But the fact is it is a reconstruction. The phonetics may not strictly be reconstructed, but the language as a whole is. Large parts of it had to be completely invented, because the language simply wasn't used outside of a liturgical environment for so long.

As for the phonetics, I've mentioned that already by the Biblical period, the phonetics of Hebrew had undergone a great degree of decay, and that process could only have worsened during the 2000 odd years it was not spoken as a first language. Do you deny this? We've discussed it before, and you seem quite aware that around 1/3 of the original Semitic phonemes have vanished from modern Hebrew.

Still I do not really understand what you are disagreeing with.


----------



## Abu Rashid

Albert Schlef said:


> And about history of a people. Some want to nurture the narrative that Hebrew is a language created by Russian "Khazars" who came to Palestine by boats 70 years ago. There are political implications to this narrative. No point arguing with these people.

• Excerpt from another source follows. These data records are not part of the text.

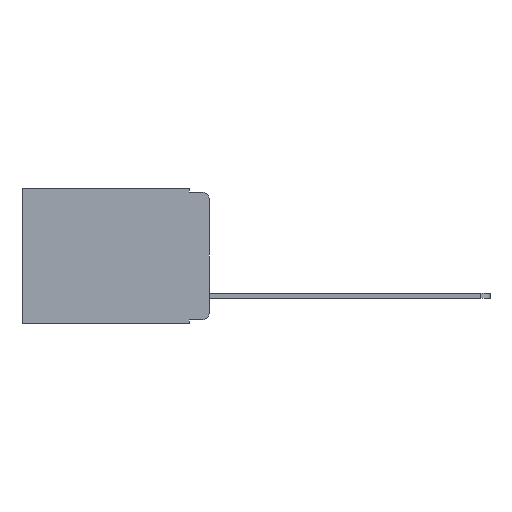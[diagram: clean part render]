
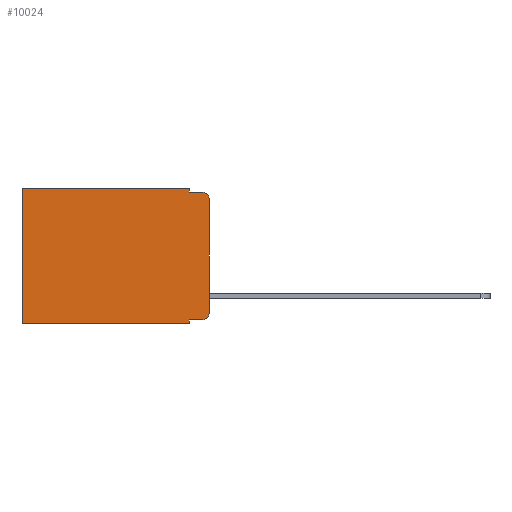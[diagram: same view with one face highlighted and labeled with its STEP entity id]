
A CAD part, left-side view. The second image highlights one B-rep face of the part: STEP entity #10024.
In plain terms, the highlighted planar face has unit normal (-1, 0, 0).
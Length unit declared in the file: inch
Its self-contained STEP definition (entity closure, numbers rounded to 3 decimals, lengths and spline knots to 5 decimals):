
#4 = CARTESIAN_POINT ( 'NONE',  ( 0.298, 0.051, 0. ) ) ;
#123 = VECTOR ( 'NONE', #8739, 39.37008 ) ;
#331 = VECTOR ( 'NONE', #14631, 39.37008 ) ;
#463 = EDGE_CURVE ( 'NONE', #11178, #8515, #7495, .T. ) ;
#680 = VECTOR ( 'NONE', #14620, 39.37008 ) ;
#747 = CARTESIAN_POINT ( 'NONE',  ( 0.298, 0., -0.343 ) ) ;
#1091 = PLANE ( 'NONE',  #6330 ) ;
#1184 = VERTEX_POINT ( 'NONE', #7296 ) ;
#1801 = CARTESIAN_POINT ( 'NONE',  ( 0.298, 0.051, -0.01 ) ) ;
#1900 = DIRECTION ( 'NONE',  ( 0., -1., 0. ) ) ;
#2019 = EDGE_CURVE ( 'NONE', #13394, #2105, #8892, .T. ) ;
#2105 = VERTEX_POINT ( 'NONE', #9127 ) ;
#2339 = VERTEX_POINT ( 'NONE', #5943 ) ;
#2523 = CARTESIAN_POINT ( 'NONE',  ( 0.298, 0.02, -0.333 ) ) ;
#2539 = CARTESIAN_POINT ( 'NONE',  ( 0.298, 0.02, -0.313 ) ) ;
#2757 = CARTESIAN_POINT ( 'NONE',  ( 0.298, 0.473, -0.343 ) ) ;
#3303 = LINE ( 'NONE', #16469, #123 ) ;
#3375 = CARTESIAN_POINT ( 'NONE',  ( 0.298, 0.02, -0.01 ) ) ;
#3895 = DIRECTION ( 'NONE',  ( -1., 0., 0. ) ) ;
#3957 = AXIS2_PLACEMENT_3D ( 'NONE', #2539, #11661, #5196 ) ;
#4052 = CARTESIAN_POINT ( 'NONE',  ( 0.298, 0.02, -0.03 ) ) ;
#4305 = ORIENTED_EDGE ( 'NONE', *, *, #14513, .F. ) ;
#4459 = ORIENTED_EDGE ( 'NONE', *, *, #8218, .F. ) ;
#4557 = EDGE_CURVE ( 'NONE', #2339, #11704, #7590, .T. ) ;
#4608 = EDGE_CURVE ( 'NONE', #1184, #13394, #10288, .T. ) ;
#4707 = ORIENTED_EDGE ( 'NONE', *, *, #5988, .F. ) ;
#4708 = ORIENTED_EDGE ( 'NONE', *, *, #463, .T. ) ;
#4729 = LINE ( 'NONE', #15490, #11447 ) ;
#5196 = DIRECTION ( 'NONE',  ( 0., 0., -1. ) ) ;
#5606 = CARTESIAN_POINT ( 'NONE',  ( 0.298, 0., 0. ) ) ;
#5815 = CARTESIAN_POINT ( 'NONE',  ( 0.298, 0.051, -0.333 ) ) ;
#5943 = CARTESIAN_POINT ( 'NONE',  ( 0.298, 0.051, -0.343 ) ) ;
#5988 = EDGE_CURVE ( 'NONE', #11178, #2105, #3303, .T. ) ;
#6045 = DIRECTION ( 'NONE',  ( 0., 0., -1. ) ) ;
#6305 = VECTOR ( 'NONE', #1900, 39.37008 ) ;
#6330 = AXIS2_PLACEMENT_3D ( 'NONE', #13085, #6538, #15667 ) ;
#6538 = DIRECTION ( 'NONE',  ( 1., 0., 0. ) ) ;
#6628 = DIRECTION ( 'NONE',  ( 0., -1., 0. ) ) ;
#6841 = VECTOR ( 'NONE', #6628, 39.37008 ) ;
#7296 = CARTESIAN_POINT ( 'NONE',  ( 0.298, 0.051, -0.333 ) ) ;
#7348 = EDGE_CURVE ( 'NONE', #1184, #2339, #4729, .T. ) ;
#7431 = VECTOR ( 'NONE', #9685, 39.37008 ) ;
#7495 = CIRCLE ( 'NONE', #14819, 0.02 ) ;
#7590 = LINE ( 'NONE', #747, #331 ) ;
#8218 = EDGE_CURVE ( 'NONE', #12019, #15410, #14430, .T. ) ;
#8515 = VERTEX_POINT ( 'NONE', #3375 ) ;
#8739 = DIRECTION ( 'NONE',  ( 0., 0., -1. ) ) ;
#8892 = CIRCLE ( 'NONE', #3957, 0.02 ) ;
#8944 = ORIENTED_EDGE ( 'NONE', *, *, #10255, .T. ) ;
#9127 = CARTESIAN_POINT ( 'NONE',  ( 0.298, 0., -0.313 ) ) ;
#9151 = ORIENTED_EDGE ( 'NONE', *, *, #15941, .T. ) ;
#9275 = ORIENTED_EDGE ( 'NONE', *, *, #7348, .F. ) ;
#9298 = ORIENTED_EDGE ( 'NONE', *, *, #4557, .F. ) ;
#9323 = CARTESIAN_POINT ( 'NONE',  ( 0.298, 0., -0.03 ) ) ;
#9470 = ORIENTED_EDGE ( 'NONE', *, *, #2019, .T. ) ;
#9685 = DIRECTION ( 'NONE',  ( 0., 1., 0. ) ) ;
#9744 = ORIENTED_EDGE ( 'NONE', *, *, #4608, .T. ) ;
#10024 = ADVANCED_FACE ( 'NONE', ( #10127 ), #1091, .F. ) ;
#10127 = FACE_OUTER_BOUND ( 'NONE', #10191, .T. ) ;
#10191 = EDGE_LOOP ( 'NONE', ( #4707, #4708, #4305, #4459, #9151, #8944, #9298, #9275, #9744, #9470 ) ) ;
#10255 = EDGE_CURVE ( 'NONE', #13640, #11704, #13339, .T. ) ;
#10288 = LINE ( 'NONE', #5815, #6305 ) ;
#10590 = CARTESIAN_POINT ( 'NONE',  ( 0.298, 0.051, -0.01 ) ) ;
#10943 = LINE ( 'NONE', #5606, #7431 ) ;
#11178 = VERTEX_POINT ( 'NONE', #9323 ) ;
#11447 = VECTOR ( 'NONE', #16766, 39.37008 ) ;
#11661 = DIRECTION ( 'NONE',  ( -1., 0., 0. ) ) ;
#11704 = VERTEX_POINT ( 'NONE', #2757 ) ;
#12019 = VERTEX_POINT ( 'NONE', #14089 ) ;
#12338 = CARTESIAN_POINT ( 'NONE',  ( 0.298, 0.473, 0. ) ) ;
#12938 = VECTOR ( 'NONE', #16385, 39.37008 ) ;
#13085 = CARTESIAN_POINT ( 'NONE',  ( 0.298, 0., 0. ) ) ;
#13339 = LINE ( 'NONE', #15104, #12938 ) ;
#13394 = VERTEX_POINT ( 'NONE', #2523 ) ;
#13640 = VERTEX_POINT ( 'NONE', #12338 ) ;
#13825 = LINE ( 'NONE', #10590, #6841 ) ;
#14089 = CARTESIAN_POINT ( 'NONE',  ( 0.298, 0.051, 0. ) ) ;
#14430 = LINE ( 'NONE', #4, #680 ) ;
#14513 = EDGE_CURVE ( 'NONE', #15410, #8515, #13825, .T. ) ;
#14620 = DIRECTION ( 'NONE',  ( 0., 0., -1. ) ) ;
#14631 = DIRECTION ( 'NONE',  ( 0., 1., 0. ) ) ;
#14819 = AXIS2_PLACEMENT_3D ( 'NONE', #4052, #3895, #6045 ) ;
#15104 = CARTESIAN_POINT ( 'NONE',  ( 0.298, 0.473, 0. ) ) ;
#15410 = VERTEX_POINT ( 'NONE', #1801 ) ;
#15490 = CARTESIAN_POINT ( 'NONE',  ( 0.298, 0.051, 0. ) ) ;
#15667 = DIRECTION ( 'NONE',  ( 0., 0., -1. ) ) ;
#15941 = EDGE_CURVE ( 'NONE', #12019, #13640, #10943, .T. ) ;
#16385 = DIRECTION ( 'NONE',  ( 0., 0., -1. ) ) ;
#16469 = CARTESIAN_POINT ( 'NONE',  ( 0.298, 0., 0. ) ) ;
#16766 = DIRECTION ( 'NONE',  ( 0., 0., -1. ) ) ;

That's not really relevant to language. What is relevant though is that nobody was a first language speaker of Hebrew for a good 2000 years. This is a simple fact that no narrative can deny.


----------



## tFighterPilot

Latin has not been a first language of anyone for quite a while as well, how is it different phonology-wise?


----------



## berndf

Abu Rashid said:


> That's not really relevant to language.


Right.





Abu Rashid said:


> What is relevant though is that nobody was a first language speaker of Hebrew for a good 2000 years.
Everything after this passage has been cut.